Nature As Architecture dans Roberto Polo Gallery
Roberto Polo Gallery inaugure sa saison 2017/2018 avec l’exposition NATURE as ARCHITECTURE, comprenant des œuvres de trois éminents artistes espagnols : Miquel Navarro, Juan Garaizábal et Francisco Caparrós.
Roberto Polo Gallery
L’approche de l’exposition découle des réflexions esthétiques traditionnelles autour de la nature et des arts, en particulier de l’architecture. Lorsque l’être humain a commencé à produire de l’art, il l’a fait avec l’idée que ses œuvres s’intègreraient à la Grande Création.
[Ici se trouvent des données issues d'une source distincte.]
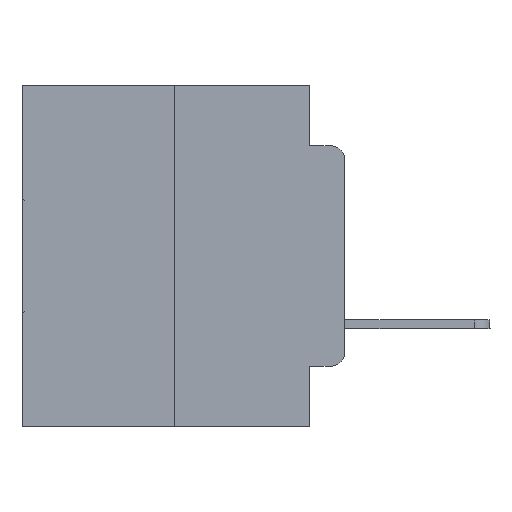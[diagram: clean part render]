
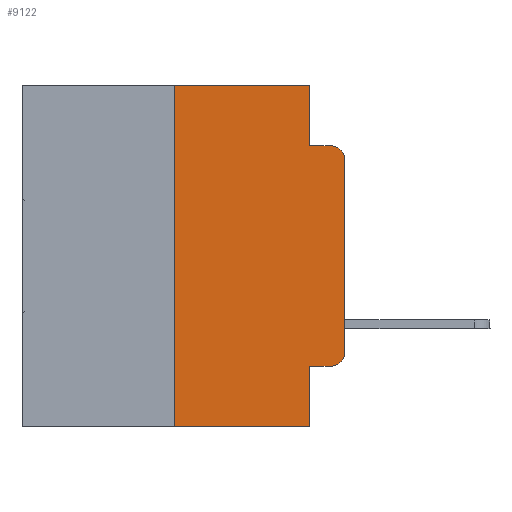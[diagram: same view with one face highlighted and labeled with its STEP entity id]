
A CAD part, left-side view. The second image highlights one B-rep face of the part: STEP entity #9122.
In plain terms, the highlighted planar face has unit normal (-1, 0, 0).
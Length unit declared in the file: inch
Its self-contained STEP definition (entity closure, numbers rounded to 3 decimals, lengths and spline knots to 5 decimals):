
#5 = LINE ( 'NONE', #26736, #19646 ) ;
#936 = DIRECTION ( 'NONE',  ( -1., 0., 0. ) ) ;
#1587 = CIRCLE ( 'NONE', #22651, 0.02 ) ;
#1739 = DIRECTION ( 'NONE',  ( 1., 0., 0. ) ) ;
#2203 = ORIENTED_EDGE ( 'NONE', *, *, #9887, .F. ) ;
#3023 = ORIENTED_EDGE ( 'NONE', *, *, #22650, .T. ) ;
#3657 = VERTEX_POINT ( 'NONE', #24787 ) ;
#3715 = LINE ( 'NONE', #22712, #4736 ) ;
#4469 = CIRCLE ( 'NONE', #11593, 0.02 ) ;
#4627 = ORIENTED_EDGE ( 'NONE', *, *, #15973, .T. ) ;
#4736 = VECTOR ( 'NONE', #22616, 39.37008 ) ;
#4879 = LINE ( 'NONE', #27592, #17869 ) ;
#5812 = VERTEX_POINT ( 'NONE', #25185 ) ;
#6495 = DIRECTION ( 'NONE',  ( 0., -1., 0. ) ) ;
#6590 = EDGE_CURVE ( 'NONE', #24543, #28506, #8848, .T. ) ;
#6726 = CARTESIAN_POINT ( 'NONE',  ( 0., 0.02, -0.4115 ) ) ;
#7436 = LINE ( 'NONE', #12063, #19024 ) ;
#7838 = DIRECTION ( 'NONE',  ( 0., 0., -1. ) ) ;
#8172 = EDGE_CURVE ( 'NONE', #3657, #17967, #3715, .T. ) ;
#8264 = EDGE_CURVE ( 'NONE', #15326, #3657, #1587, .T. ) ;
#8300 = CARTESIAN_POINT ( 'NONE',  ( 0., 0.051, -0.0885 ) ) ;
#8675 = CARTESIAN_POINT ( 'NONE',  ( 0., 0.25, 0. ) ) ;
#8686 = CARTESIAN_POINT ( 'NONE',  ( 0., 0.051, -0.0885 ) ) ;
#8848 = LINE ( 'NONE', #8675, #28097 ) ;
#8861 = DIRECTION ( 'NONE',  ( 0., -1., 0. ) ) ;
#9122 = ADVANCED_FACE ( 'NONE', ( #16951 ), #28604, .F. ) ;
#9826 = CARTESIAN_POINT ( 'NONE',  ( 0., 0.02, -0.1085 ) ) ;
#9887 = EDGE_CURVE ( 'NONE', #26840, #5812, #13428, .T. ) ;
#10033 = CARTESIAN_POINT ( 'NONE',  ( 0., 0.051, 0. ) ) ;
#10114 = CARTESIAN_POINT ( 'NONE',  ( 0., 0.051, -0.4115 ) ) ;
#10659 = VECTOR ( 'NONE', #6495, 39.37008 ) ;
#11184 = CARTESIAN_POINT ( 'NONE',  ( 0., 0.051, -0.4115 ) ) ;
#11305 = ORIENTED_EDGE ( 'NONE', *, *, #8172, .T. ) ;
#11593 = AXIS2_PLACEMENT_3D ( 'NONE', #9826, #936, #7838 ) ;
#12063 = CARTESIAN_POINT ( 'NONE',  ( 0., 0.473, 0. ) ) ;
#12820 = VERTEX_POINT ( 'NONE', #14352 ) ;
#13169 = ORIENTED_EDGE ( 'NONE', *, *, #19499, .T. ) ;
#13216 = DIRECTION ( 'NONE',  ( 0., 0., -1. ) ) ;
#13428 = LINE ( 'NONE', #8300, #10659 ) ;
#14352 = CARTESIAN_POINT ( 'NONE',  ( 0., 0.051, -0.5 ) ) ;
#14377 = LINE ( 'NONE', #18914, #29052 ) ;
#14615 = ORIENTED_EDGE ( 'NONE', *, *, #8264, .T. ) ;
#14739 = EDGE_CURVE ( 'NONE', #15998, #26840, #4879, .T. ) ;
#14977 = EDGE_CURVE ( 'NONE', #15299, #12820, #14377, .T. ) ;
#15228 = CARTESIAN_POINT ( 'NONE',  ( 0., 0.473, 0. ) ) ;
#15299 = VERTEX_POINT ( 'NONE', #11184 ) ;
#15326 = VERTEX_POINT ( 'NONE', #6726 ) ;
#15491 = CARTESIAN_POINT ( 'NONE',  ( 0., 0.02, -0.3915 ) ) ;
#15973 = EDGE_CURVE ( 'NONE', #17967, #5812, #4469, .T. ) ;
#15998 = VERTEX_POINT ( 'NONE', #10033 ) ;
#16713 = DIRECTION ( 'NONE',  ( 0., -1., 0. ) ) ;
#16951 = FACE_OUTER_BOUND ( 'NONE', #18708, .T. ) ;
#17406 = CARTESIAN_POINT ( 'NONE',  ( 0., 0.25, -0.5 ) ) ;
#17869 = VECTOR ( 'NONE', #25454, 39.37008 ) ;
#17967 = VERTEX_POINT ( 'NONE', #27435 ) ;
#18708 = EDGE_LOOP ( 'NONE', ( #11305, #4627, #2203, #24427, #19954, #26770, #3023, #23456, #13169, #14615 ) ) ;
#18914 = CARTESIAN_POINT ( 'NONE',  ( 0., 0.051, 0. ) ) ;
#19024 = VECTOR ( 'NONE', #23084, 39.37008 ) ;
#19499 = EDGE_CURVE ( 'NONE', #15299, #15326, #21064, .T. ) ;
#19646 = VECTOR ( 'NONE', #8861, 39.37008 ) ;
#19688 = DIRECTION ( 'NONE',  ( 0., 0., -1. ) ) ;
#19954 = ORIENTED_EDGE ( 'NONE', *, *, #27610, .F. ) ;
#21064 = LINE ( 'NONE', #10114, #21775 ) ;
#21273 = DIRECTION ( 'NONE',  ( 0., 0., -1. ) ) ;
#21775 = VECTOR ( 'NONE', #16713, 39.37008 ) ;
#21964 = DIRECTION ( 'NONE',  ( 0., 0., 1. ) ) ;
#22616 = DIRECTION ( 'NONE',  ( 0., 0., 1. ) ) ;
#22650 = EDGE_CURVE ( 'NONE', #24543, #12820, #5, .T. ) ;
#22651 = AXIS2_PLACEMENT_3D ( 'NONE', #15491, #29051, #13216 ) ;
#22712 = CARTESIAN_POINT ( 'NONE',  ( 0., 0., 0. ) ) ;
#23084 = DIRECTION ( 'NONE',  ( 0., -1., 0. ) ) ;
#23456 = ORIENTED_EDGE ( 'NONE', *, *, #14977, .F. ) ;
#24167 = AXIS2_PLACEMENT_3D ( 'NONE', #15228, #1739, #19688 ) ;
#24427 = ORIENTED_EDGE ( 'NONE', *, *, #14739, .F. ) ;
#24543 = VERTEX_POINT ( 'NONE', #17406 ) ;
#24787 = CARTESIAN_POINT ( 'NONE',  ( 0., 0., -0.3915 ) ) ;
#25185 = CARTESIAN_POINT ( 'NONE',  ( 0., 0.02, -0.0885 ) ) ;
#25454 = DIRECTION ( 'NONE',  ( 0., 0., -1. ) ) ;
#26383 = CARTESIAN_POINT ( 'NONE',  ( 0., 0.25, 0. ) ) ;
#26736 = CARTESIAN_POINT ( 'NONE',  ( 0., 0.473, -0.5 ) ) ;
#26770 = ORIENTED_EDGE ( 'NONE', *, *, #6590, .F. ) ;
#26840 = VERTEX_POINT ( 'NONE', #8686 ) ;
#27435 = CARTESIAN_POINT ( 'NONE',  ( 0., 0., -0.1085 ) ) ;
#27592 = CARTESIAN_POINT ( 'NONE',  ( 0., 0.051, 0. ) ) ;
#27610 = EDGE_CURVE ( 'NONE', #28506, #15998, #7436, .T. ) ;
#28097 = VECTOR ( 'NONE', #21964, 39.37008 ) ;
#28506 = VERTEX_POINT ( 'NONE', #26383 ) ;
#28604 = PLANE ( 'NONE',  #24167 ) ;
#29051 = DIRECTION ( 'NONE',  ( -1., 0., 0. ) ) ;
#29052 = VECTOR ( 'NONE', #21273, 39.37008 ) ;

Dans la perspective d’évoluer de faiseur d’art à créateur, l’homme s’est mis à connaître les lois de la nature, ce qui le destinait à entrer en jeu avec le travail divin, rendant ainsi l’artiste égal de son Créateur. La nature a toujours été considérée comme un modèle, comme une grande architecture prête à l’emploi, pour établir des analogies comme des liens de l’unité cosmique entre les usines de l’art et le monde créé.
Les commissaires de cette exposition défendent la validité des réflexions traditionnelles et offrent l’expression, par l’art contemporain, de voix mises à jour sur ce discours canonique. À cette fin, ils présentent une exposition collective qui accueille les artistes Miquel Navarro, Juan Garaizábal et Francisco Caparrós, dans le pari de défendre l’importance de l’art espagnol, et de le positionner fortement au cœur de l’Europe.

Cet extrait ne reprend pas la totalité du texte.